◆ Task item:
Restate the entries below in full, exactly as they read, but without pictures.

******

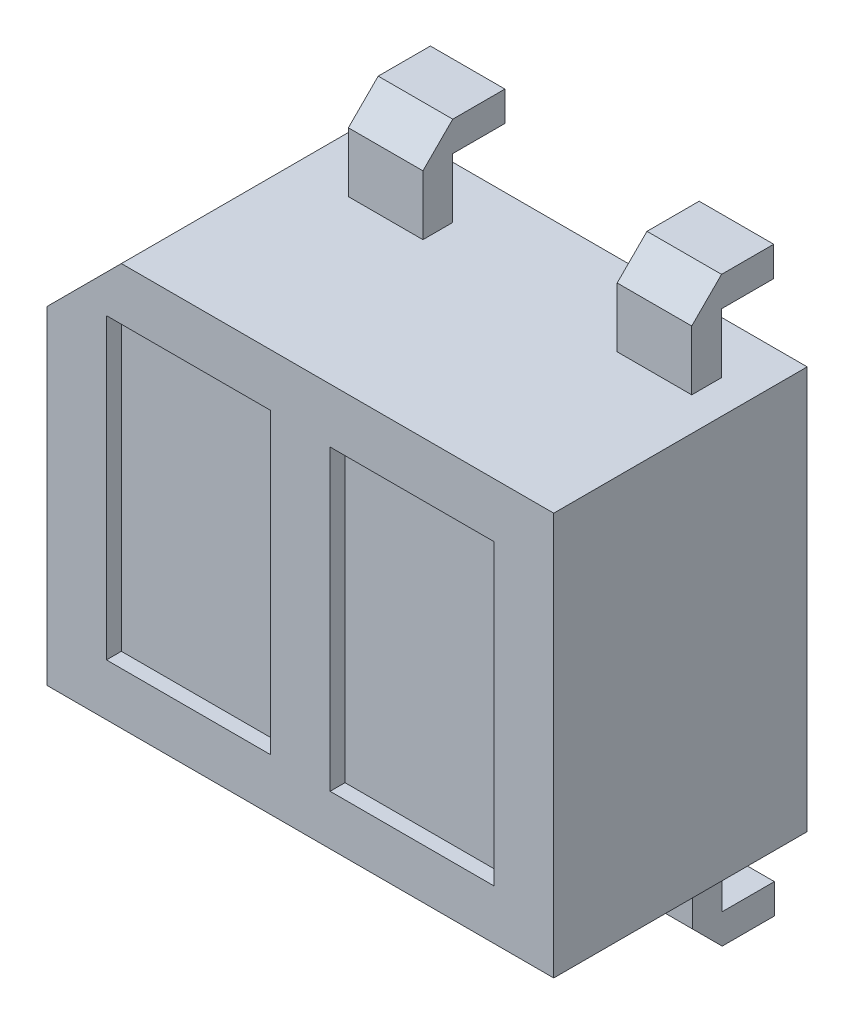
from build123d import *

# Parameters (mm, degrees)
SKICA1_W                 = 3.4
SKICA1_H                 = 2.7
P_IDAT_VYSUNUT_M1_DEPTH  = 1.7
SKICA2_W                 = 1.1
SKICA2_H                 = 2
ODEBRAT_VYSUNUT_M2_DEPTH = 0.1
ODEBRAT_VYSUNUT_M4_DEPTH = 3.757263136
SKICA5_W                 = 0.5
SKICA5_H                 = 0.2
P_IDAT_VYSUNUT_M2_DEPTH  = 0.6
SKICA6_W                 = 0.5
SKICA6_H                 = 0.2
P_IDAT_VYSUNUT_M3_DEPTH  = 0.35
ZKOSEN_2_SIZE            = 0.2
SKICA8_W                 = 0.5
SKICA8_H                 = 0.2
P_IDAT_VYSUNUT_M4_DEPTH  = 0.6
SKICA9_W                 = 0.5
SKICA9_H                 = 0.2
P_IDAT_VYSUNUT_M5_DEPTH  = 0.35
ZKOSEN_3_SIZE            = 0.2


with BuildPart() as part:
    # Skica1 → Přidat vysunutím1 (new body)
    with BuildSketch(Plane.XY):
        Rectangle(SKICA1_W, SKICA1_H)
    extrude(amount=P_IDAT_VYSUNUT_M1_DEPTH)

    # Skica2 → Odebrat vysunutím2 (cut)
    with BuildSketch(Plane.XY.offset(1.7)):
        with Locations((-0.75, -0.002377928)):
            Rectangle(SKICA2_W, SKICA2_H)
        with Locations((0.75, -0.015526056)):
            Rectangle(SKICA2_W, SKICA2_H)
    extrude(amount=-ODEBRAT_VYSUNUT_M2_DEPTH, mode=Mode.SUBTRACT)

    # Skica4 → Odebrat vysunutím4 (cut, through all)
    with BuildSketch(Plane.XY.offset(1.7)):
        Polygon((-1.7, 0.85), (-1.2, 1.35), (-1.7, 1.35), align=None)
    extrude(amount=-ODEBRAT_VYSUNUT_M4_DEPTH, mode=Mode.SUBTRACT)

    # Skica5 → Přidat vysunutím2 (add)
    with BuildSketch(Plane(origin=(0, 1.35, 0), x_dir=(1, 0, 0), z_dir=(0, 1, 0))):
        with Locations((1.22555684, -0.45)):
            Rectangle(SKICA5_W, SKICA5_H)
        with Locations((-0.577330956, -0.45)):
            Rectangle(SKICA5_W, SKICA5_H)
    extrude(amount=P_IDAT_VYSUNUT_M2_DEPTH)

    # Skica6 → Přidat vysunutím3 (add)
    with BuildSketch(Plane(origin=(0, 0, 0.35), x_dir=(-1, 0, 0), z_dir=(0, 0, -1))):
        with Locations((-1.22555684, 1.85)):
            Rectangle(SKICA6_W, SKICA6_H)
        with Locations((0.577330956, 1.85)):
            Rectangle(SKICA6_W, SKICA6_H)
    extrude(amount=P_IDAT_VYSUNUT_M3_DEPTH)

    # Zkosení2
    zkosen_2_edges = [part.edges().sort_by_distance(p)[0] for p in [
        (1.22555684, 1.95, 0.55),
        (-0.577330956, 1.95, 0.55),
    ]]
    chamfer(zkosen_2_edges, length=ZKOSEN_2_SIZE)

    # Skica8 → Přidat vysunutím4 (add)
    with BuildSketch(Plane.XZ.offset(1.35)):
        with Locations((1.23, 0.45)):
            Rectangle(SKICA8_W, SKICA8_H)
        with Locations((-0.57, 0.45)):
            Rectangle(SKICA8_W, SKICA8_H)
    extrude(amount=P_IDAT_VYSUNUT_M4_DEPTH)

    # Skica9 → Přidat vysunutím5 (add)
    with BuildSketch(Plane(origin=(0, 0, 0.35), x_dir=(-1, 0, 0), z_dir=(0, 0, -1))):
        with Locations((-1.23, -1.85)):
            Rectangle(SKICA9_W, SKICA9_H)
        with Locations((0.57, -1.85)):
            Rectangle(SKICA9_W, SKICA9_H)
    extrude(amount=P_IDAT_VYSUNUT_M5_DEPTH)

    # Zkosení3
    zkosen_3_edges = [part.edges().sort_by_distance(p)[0] for p in [
        (1.23, -1.95, 0.55),
        (-0.57, -1.95, 0.55),
    ]]
    chamfer(zkosen_3_edges, length=ZKOSEN_3_SIZE)


solid = part.part

******

◆ Exercise solution:
from build123d import *

# Parameters (mm, degrees)
SKICA1_W                 = 3.4
SKICA1_H                 = 2.7
P_IDAT_VYSUNUT_M1_DEPTH  = 1.7
SKICA2_W                 = 1.1
SKICA2_H                 = 2
ODEBRAT_VYSUNUT_M2_DEPTH = 0.1
ODEBRAT_VYSUNUT_M4_DEPTH = 3.757263136
SKICA5_W                 = 0.5
SKICA5_H                 = 0.2
P_IDAT_VYSUNUT_M2_DEPTH  = 0.6
SKICA6_W                 = 0.5
SKICA6_H                 = 0.2
P_IDAT_VYSUNUT_M3_DEPTH  = 0.35
ZKOSEN_2_SIZE            = 0.2
SKICA8_W                 = 0.5
SKICA8_H                 = 0.2
P_IDAT_VYSUNUT_M4_DEPTH  = 0.6
SKICA9_W                 = 0.5
SKICA9_H                 = 0.2
P_IDAT_VYSUNUT_M5_DEPTH  = 0.35
ZKOSEN_3_SIZE            = 0.2


with BuildPart() as part:
    # Skica1 → Přidat vysunutím1 (new body)
    with BuildSketch(Plane.XY):
        Rectangle(SKICA1_W, SKICA1_H)
    extrude(amount=P_IDAT_VYSUNUT_M1_DEPTH)

    # Skica2 → Odebrat vysunutím2 (cut)
    with BuildSketch(Plane.XY.offset(1.7)):
        with Locations((-0.75, -0.002377928)):
            Rectangle(SKICA2_W, SKICA2_H)
        with Locations((0.75, -0.015526056)):
            Rectangle(SKICA2_W, SKICA2_H)
    extrude(amount=-ODEBRAT_VYSUNUT_M2_DEPTH, mode=Mode.SUBTRACT)

    # Skica4 → Odebrat vysunutím4 (cut, through all)
    with BuildSketch(Plane.XY.offset(1.7)):
        Polygon((-1.7, 0.85), (-1.2, 1.35), (-1.7, 1.35), align=None)
    extrude(amount=-ODEBRAT_VYSUNUT_M4_DEPTH, mode=Mode.SUBTRACT)

    # Skica5 → Přidat vysunutím2 (add)
    with BuildSketch(Plane(origin=(0, 1.35, 0), x_dir=(1, 0, 0), z_dir=(0, 1, 0))):
        with Locations((1.22555684, -0.45)):
            Rectangle(SKICA5_W, SKICA5_H)
        with Locations((-0.577330956, -0.45)):
            Rectangle(SKICA5_W, SKICA5_H)
    extrude(amount=P_IDAT_VYSUNUT_M2_DEPTH)

    # Skica6 → Přidat vysunutím3 (add)
    with BuildSketch(Plane(origin=(0, 0, 0.35), x_dir=(-1, 0, 0), z_dir=(0, 0, -1))):
        with Locations((-1.22555684, 1.85)):
            Rectangle(SKICA6_W, SKICA6_H)
        with Locations((0.577330956, 1.85)):
            Rectangle(SKICA6_W, SKICA6_H)
    extrude(amount=P_IDAT_VYSUNUT_M3_DEPTH)

    # Zkosení2
    zkosen_2_edges = [part.edges().sort_by_distance(p)[0] for p in [
        (1.22555684, 1.95, 0.55),
        (-0.577330956, 1.95, 0.55),
    ]]
    chamfer(zkosen_2_edges, length=ZKOSEN_2_SIZE)

    # Skica8 → Přidat vysunutím4 (add)
    with BuildSketch(Plane.XZ.offset(1.35)):
        with Locations((1.23, 0.45)):
            Rectangle(SKICA8_W, SKICA8_H)
        with Locations((-0.57, 0.45)):
            Rectangle(SKICA8_W, SKICA8_H)
    extrude(amount=P_IDAT_VYSUNUT_M4_DEPTH)

    # Skica9 → Přidat vysunutím5 (add)
    with BuildSketch(Plane(origin=(0, 0, 0.35), x_dir=(-1, 0, 0), z_dir=(0, 0, -1))):
        with Locations((-1.23, -1.85)):
            Rectangle(SKICA9_W, SKICA9_H)
        with Locations((0.57, -1.85)):
            Rectangle(SKICA9_W, SKICA9_H)
    extrude(amount=P_IDAT_VYSUNUT_M5_DEPTH)

    # Zkosení3
    zkosen_3_edges = [part.edges().sort_by_distance(p)[0] for p in [
        (1.23, -1.95, 0.55),
        (-0.57, -1.95, 0.55),
    ]]
    chamfer(zkosen_3_edges, length=ZKOSEN_3_SIZE)


solid = part.part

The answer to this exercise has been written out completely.